WHAT THE TASK ASKS
Transcribe every entry word for word. Skip the pictures.

Dataset excerpts

───

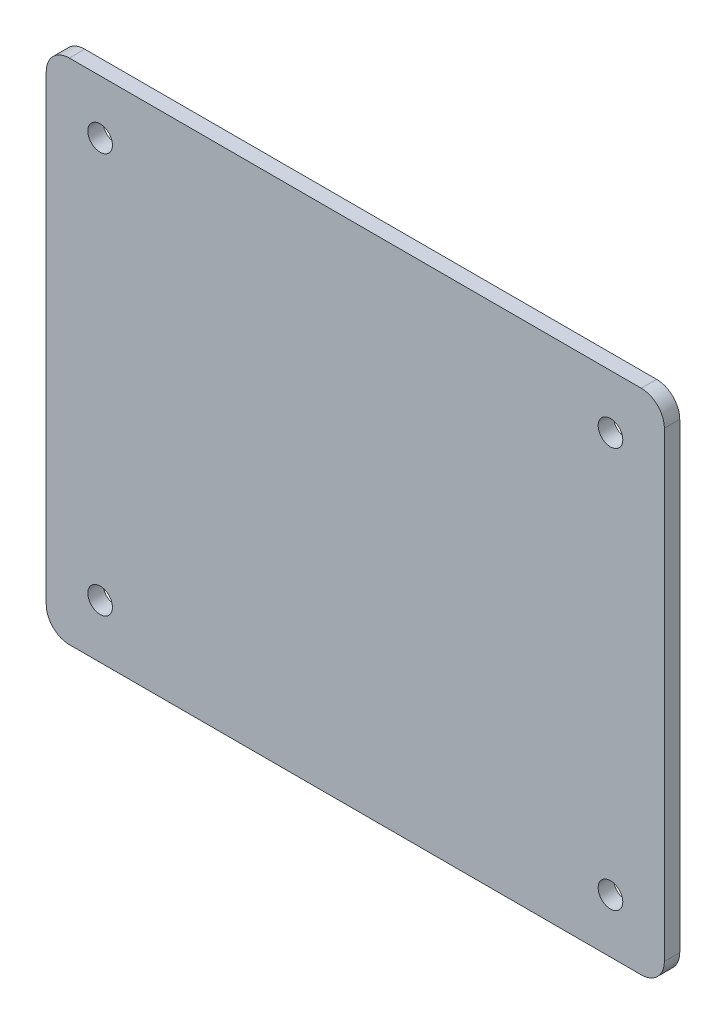
SolidWorks part; units mm, degrees
material "Acrylic (Medium-high impact)"
ref_plane "Front Plane" through (0, 0, 0) normal (0, 0, 1) x (1, 0, 0)
ref_plane "Top Plane" through (0, 0, 0) normal (0, 1, 0) x (1, 0, 0)
ref_plane "Right Plane" through (0, 0, 0) normal (1, 0, 0) x (0, 0, -1)
sketch "Sketch1" plane through (0, 0, 0) normal (0, 0, 1) x (1, 0, 0)
  line L1 (0, 0) -> (80.3, 0)
  line L2 (0, 0) -> (0, 66)
  line L3 (0, 66) -> (80.3, 66)
  line L4 (80.3, 0) -> (80.3, 66)
  dimension "D1" = 80.3
  dimension "D2" = 66
extrude "Boss-Extrude1" add sketch "Sketch1" along normal blind 2
hole_wizard "Ø3.2 (3.2) Diameter Hole1" positions "Sketch3" profile "Sketch2" hole size "Ø3.2" standard "ANSI Metric" end condition through all
sketch "Sketch3" plane through (0, 0, 2) normal (0, 0, 1) x (1, 0, 0)
  line L0 (0, 33) -> (80.3, 33) construction
  line L1 (0, 66) -> (0, 0) construction
  line L2 (80.3, 0) -> (80.3, 66) construction
  line L4 (7, 7) -> (7, 59) construction
  line L6 (7, 59) -> (73.3, 59) construction
  line L7 (73.3, 59) -> (73.3, 7) construction
  line L8 (73.3, 7) -> (7, 7) construction
  line L10 (40.15, 66) -> (40.15, 0) construction
  line L11 (80.3, 66) -> (0, 66) construction
  line L12 (0, 0) -> (80.3, 0) construction
  point P0 (7, 59)
  point P2 (73.3, 59)
  point P4 (73.3, 7)
  point P6 (7, 7)
  dimension "D1" = 66.3
  dimension "D2" = 52
  dimension "D3" = 26
  dimension "D4" = 33.15
sketch "Sketch2" plane through (7, 59, 2) normal (1, 0, 0) x (0, -1, 0)
  line L0 (0, 0) -> (0, 2)
  line L1 (0, 2) -> (1.6, 2)
  line L2 (1.6, 2) -> (1.6, 0)
  line L5 (1.6, 0) -> (0, 0)
  line L11 (0, -6.35) -> (0, 107.95) construction
  dimension "Thru Hole Dia." = 3.2
  dimension "Thru Hole Depth" = 2
fillet "Fillet1" radius 3 4 edges at (80.3, 66, 1) (80.3, 0, 1) (0, 0, 1) (0, 66, 1)

───

RESULT
SolidWorks part; units mm, degrees
material "Acrylic (Medium-high impact)"
ref_plane "Front Plane" through (0, 0, 0) normal (0, 0, 1) x (1, 0, 0)
ref_plane "Top Plane" through (0, 0, 0) normal (0, 1, 0) x (1, 0, 0)
ref_plane "Right Plane" through (0, 0, 0) normal (1, 0, 0) x (0, 0, -1)
sketch "Sketch1" plane through (0, 0, 0) normal (0, 0, 1) x (1, 0, 0)
  line L1 (0, 0) -> (80.3, 0)
  line L2 (0, 0) -> (0, 66)
  line L3 (0, 66) -> (80.3, 66)
  line L4 (80.3, 0) -> (80.3, 66)
  dimension "D1" = 80.3
  dimension "D2" = 66
extrude "Boss-Extrude1" add sketch "Sketch1" along normal blind 2
hole_wizard "Ø3.2 (3.2) Diameter Hole1" positions "Sketch3" profile "Sketch2" hole size "Ø3.2" standard "ANSI Metric" end condition through all
sketch "Sketch3" plane through (0, 0, 2) normal (0, 0, 1) x (1, 0, 0)
  line L0 (0, 33) -> (80.3, 33) construction
  line L1 (0, 66) -> (0, 0) construction
  line L2 (80.3, 0) -> (80.3, 66) construction
  line L4 (7, 7) -> (7, 59) construction
  line L6 (7, 59) -> (73.3, 59) construction
  line L7 (73.3, 59) -> (73.3, 7) construction
  line L8 (73.3, 7) -> (7, 7) construction
  line L10 (40.15, 66) -> (40.15, 0) construction
  line L11 (80.3, 66) -> (0, 66) construction
  line L12 (0, 0) -> (80.3, 0) construction
  point P0 (7, 59)
  point P2 (73.3, 59)
  point P4 (73.3, 7)
  point P6 (7, 7)
  dimension "D1" = 66.3
  dimension "D2" = 52
  dimension "D3" = 26
  dimension "D4" = 33.15
sketch "Sketch2" plane through (7, 59, 2) normal (1, 0, 0) x (0, -1, 0)
  line L0 (0, 0) -> (0, 2)
  line L1 (0, 2) -> (1.6, 2)
  line L2 (1.6, 2) -> (1.6, 0)
  line L5 (1.6, 0) -> (0, 0)
  line L11 (0, -6.35) -> (0, 107.95) construction
  dimension "Thru Hole Dia." = 3.2
  dimension "Thru Hole Depth" = 2
fillet "Fillet1" radius 3 4 edges at (80.3, 66, 1) (80.3, 0, 1) (0, 0, 1) (0, 66, 1)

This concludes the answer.